#### ASSIGNED TASK
Please print every record below exactly as it appears, but leave out the pictures.

==== INPUT MATERIAL ====

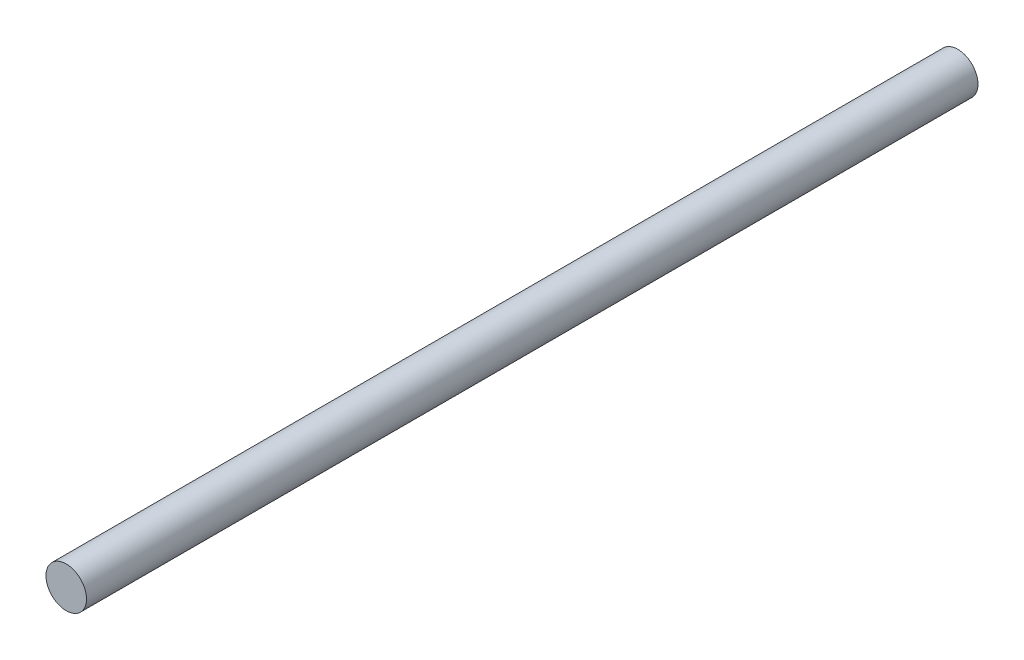
ISO-10303-21;
HEADER;
FILE_DESCRIPTION(('STEP AP214'),'2;1');
FILE_NAME('part.step','',(''),(''),'','','');
FILE_SCHEMA(('AUTOMOTIVE_DESIGN { 1 0 10303 214 1 1 1 1 }'));
ENDSEC;
DATA;
#1=APPLICATION_CONTEXT('core data for automotive mechanical design processes');
#2=APPLICATION_PROTOCOL_DEFINITION('international standard','automotive_design',2000,#1);
#3=PRODUCT_CONTEXT('',#1,'mechanical');
#4=PRODUCT('Part','Part','',(#3));
#5=PRODUCT_RELATED_PRODUCT_CATEGORY('part','',(#4));
#6=PRODUCT_DEFINITION_FORMATION('','',#4);
#7=PRODUCT_DEFINITION_CONTEXT('part definition',#1,'design');
#8=PRODUCT_DEFINITION('design','',#6,#7);
#9=PRODUCT_DEFINITION_SHAPE('','',#8);
#10=(LENGTH_UNIT() NAMED_UNIT(*) SI_UNIT(.MILLI.,.METRE.));
#11=(NAMED_UNIT(*) PLANE_ANGLE_UNIT() SI_UNIT($,.RADIAN.));
#12=(NAMED_UNIT(*) SI_UNIT($,.STERADIAN.) SOLID_ANGLE_UNIT());
#13=UNCERTAINTY_MEASURE_WITH_UNIT(LENGTH_MEASURE(1.E-05),#10,'distance_accuracy_value','');
#14=(GEOMETRIC_REPRESENTATION_CONTEXT(3) GLOBAL_UNCERTAINTY_ASSIGNED_CONTEXT((#13)) GLOBAL_UNIT_ASSIGNED_CONTEXT((#10,
#11,#12)) REPRESENTATION_CONTEXT('',''));
#15=CARTESIAN_POINT('',(0.,0.,0.));
#16=DIRECTION('',(0.,0.,1.));
#17=DIRECTION('',(1.,0.,0.));
#18=AXIS2_PLACEMENT_3D('',#15,#16,#17);
#19=CARTESIAN_POINT('',(0.,0.,139.7));
#20=DIRECTION('',(0.,0.,-1.));
#21=DIRECTION('',(-1.,0.,0.));
#22=AXIS2_PLACEMENT_3D('',#19,#20,#21);
#23=CYLINDRICAL_SURFACE('',#22,3.175);
#24=CARTESIAN_POINT('',(0.,0.,139.7));
#25=DIRECTION('',(0.,0.,1.));
#26=DIRECTION('',(1.,0.,0.));
#27=AXIS2_PLACEMENT_3D('',#24,#25,#26);
#28=CIRCLE('',#27,3.175);
#29=CARTESIAN_POINT('',(3.175,0.,139.7));
#30=VERTEX_POINT('',#29);
#31=EDGE_CURVE('E10',#30,#30,#28,.T.);
#32=ORIENTED_EDGE('',*,*,#31,.F.);
#33=EDGE_LOOP('',(#32));
#34=FACE_BOUND('',#33,.T.);
#35=CARTESIAN_POINT('',(0.,0.,0.));
#36=DIRECTION('',(0.,0.,1.));
#37=DIRECTION('',(1.,0.,0.));
#38=AXIS2_PLACEMENT_3D('',#35,#36,#37);
#39=CIRCLE('',#38,3.175);
#40=CARTESIAN_POINT('',(3.175,0.,0.));
#41=VERTEX_POINT('',#40);
#42=EDGE_CURVE('E48',#41,#41,#39,.T.);
#43=ORIENTED_EDGE('',*,*,#42,.T.);
#44=EDGE_LOOP('',(#43));
#45=FACE_BOUND('',#44,.T.);
#46=ADVANCED_FACE('F45',(#34,#45),#23,.T.);
#47=CARTESIAN_POINT('',(0.,0.,139.7));
#48=DIRECTION('',(0.,0.,1.));
#49=DIRECTION('',(1.,0.,0.));
#50=AXIS2_PLACEMENT_3D('',#47,#48,#49);
#51=PLANE('',#50);
#52=ORIENTED_EDGE('',*,*,#31,.T.);
#53=EDGE_LOOP('',(#52));
#54=FACE_BOUND('',#53,.T.);
#55=ADVANCED_FACE('F62',(#54),#51,.T.);
#56=CARTESIAN_POINT('',(0.,0.,0.));
#57=DIRECTION('',(0.,0.,1.));
#58=DIRECTION('',(1.,0.,0.));
#59=AXIS2_PLACEMENT_3D('',#56,#57,#58);
#60=PLANE('',#59);
#61=ORIENTED_EDGE('',*,*,#42,.F.);
#62=EDGE_LOOP('',(#61));
#63=FACE_BOUND('',#62,.T.);
#64=ADVANCED_FACE('F60',(#63),#60,.F.);
#65=CLOSED_SHELL('',(#46,#55,#64));
#66=MANIFOLD_SOLID_BREP('B2',#65);
#67=ADVANCED_BREP_SHAPE_REPRESENTATION('',(#18,#66),#14);
#68=SHAPE_DEFINITION_REPRESENTATION(#9,#67);
ENDSEC;
END-ISO-10303-21;

====

#### RESULT OF THIS EXERCISE
ISO-10303-21;
HEADER;
FILE_DESCRIPTION(('STEP AP214'),'2;1');
FILE_NAME('part.step','',(''),(''),'','','');
FILE_SCHEMA(('AUTOMOTIVE_DESIGN { 1 0 10303 214 1 1 1 1 }'));
ENDSEC;
DATA;
#1=APPLICATION_CONTEXT('core data for automotive mechanical design processes');
#2=APPLICATION_PROTOCOL_DEFINITION('international standard','automotive_design',2000,#1);
#3=PRODUCT_CONTEXT('',#1,'mechanical');
#4=PRODUCT('Part','Part','',(#3));
#5=PRODUCT_RELATED_PRODUCT_CATEGORY('part','',(#4));
#6=PRODUCT_DEFINITION_FORMATION('','',#4);
#7=PRODUCT_DEFINITION_CONTEXT('part definition',#1,'design');
#8=PRODUCT_DEFINITION('design','',#6,#7);
#9=PRODUCT_DEFINITION_SHAPE('','',#8);
#10=(LENGTH_UNIT() NAMED_UNIT(*) SI_UNIT(.MILLI.,.METRE.));
#11=(NAMED_UNIT(*) PLANE_ANGLE_UNIT() SI_UNIT($,.RADIAN.));
#12=(NAMED_UNIT(*) SI_UNIT($,.STERADIAN.) SOLID_ANGLE_UNIT());
#13=UNCERTAINTY_MEASURE_WITH_UNIT(LENGTH_MEASURE(1.E-05),#10,'distance_accuracy_value','');
#14=(GEOMETRIC_REPRESENTATION_CONTEXT(3) GLOBAL_UNCERTAINTY_ASSIGNED_CONTEXT((#13)) GLOBAL_UNIT_ASSIGNED_CONTEXT((#10,
#11,#12)) REPRESENTATION_CONTEXT('',''));
#15=CARTESIAN_POINT('',(0.,0.,0.));
#16=DIRECTION('',(0.,0.,1.));
#17=DIRECTION('',(1.,0.,0.));
#18=AXIS2_PLACEMENT_3D('',#15,#16,#17);
#19=CARTESIAN_POINT('',(0.,0.,139.7));
#20=DIRECTION('',(0.,0.,-1.));
#21=DIRECTION('',(-1.,0.,0.));
#22=AXIS2_PLACEMENT_3D('',#19,#20,#21);
#23=CYLINDRICAL_SURFACE('',#22,3.175);
#24=CARTESIAN_POINT('',(0.,0.,139.7));
#25=DIRECTION('',(0.,0.,1.));
#26=DIRECTION('',(1.,0.,0.));
#27=AXIS2_PLACEMENT_3D('',#24,#25,#26);
#28=CIRCLE('',#27,3.175);
#29=CARTESIAN_POINT('',(3.175,0.,139.7));
#30=VERTEX_POINT('',#29);
#31=EDGE_CURVE('E10',#30,#30,#28,.T.);
#32=ORIENTED_EDGE('',*,*,#31,.F.);
#33=EDGE_LOOP('',(#32));
#34=FACE_BOUND('',#33,.T.);
#35=CARTESIAN_POINT('',(0.,0.,0.));
#36=DIRECTION('',(0.,0.,1.));
#37=DIRECTION('',(1.,0.,0.));
#38=AXIS2_PLACEMENT_3D('',#35,#36,#37);
#39=CIRCLE('',#38,3.175);
#40=CARTESIAN_POINT('',(3.175,0.,0.));
#41=VERTEX_POINT('',#40);
#42=EDGE_CURVE('E48',#41,#41,#39,.T.);
#43=ORIENTED_EDGE('',*,*,#42,.T.);
#44=EDGE_LOOP('',(#43));
#45=FACE_BOUND('',#44,.T.);
#46=ADVANCED_FACE('F45',(#34,#45),#23,.T.);
#47=CARTESIAN_POINT('',(0.,0.,139.7));
#48=DIRECTION('',(0.,0.,1.));
#49=DIRECTION('',(1.,0.,0.));
#50=AXIS2_PLACEMENT_3D('',#47,#48,#49);
#51=PLANE('',#50);
#52=ORIENTED_EDGE('',*,*,#31,.T.);
#53=EDGE_LOOP('',(#52));
#54=FACE_BOUND('',#53,.T.);
#55=ADVANCED_FACE('F62',(#54),#51,.T.);
#56=CARTESIAN_POINT('',(0.,0.,0.));
#57=DIRECTION('',(0.,0.,1.));
#58=DIRECTION('',(1.,0.,0.));
#59=AXIS2_PLACEMENT_3D('',#56,#57,#58);
#60=PLANE('',#59);
#61=ORIENTED_EDGE('',*,*,#42,.F.);
#62=EDGE_LOOP('',(#61));
#63=FACE_BOUND('',#62,.T.);
#64=ADVANCED_FACE('F60',(#63),#60,.F.);
#65=CLOSED_SHELL('',(#46,#55,#64));
#66=MANIFOLD_SOLID_BREP('B2',#65);
#67=ADVANCED_BREP_SHAPE_REPRESENTATION('',(#18,#66),#14);
#68=SHAPE_DEFINITION_REPRESENTATION(#9,#67);
ENDSEC;
END-ISO-10303-21;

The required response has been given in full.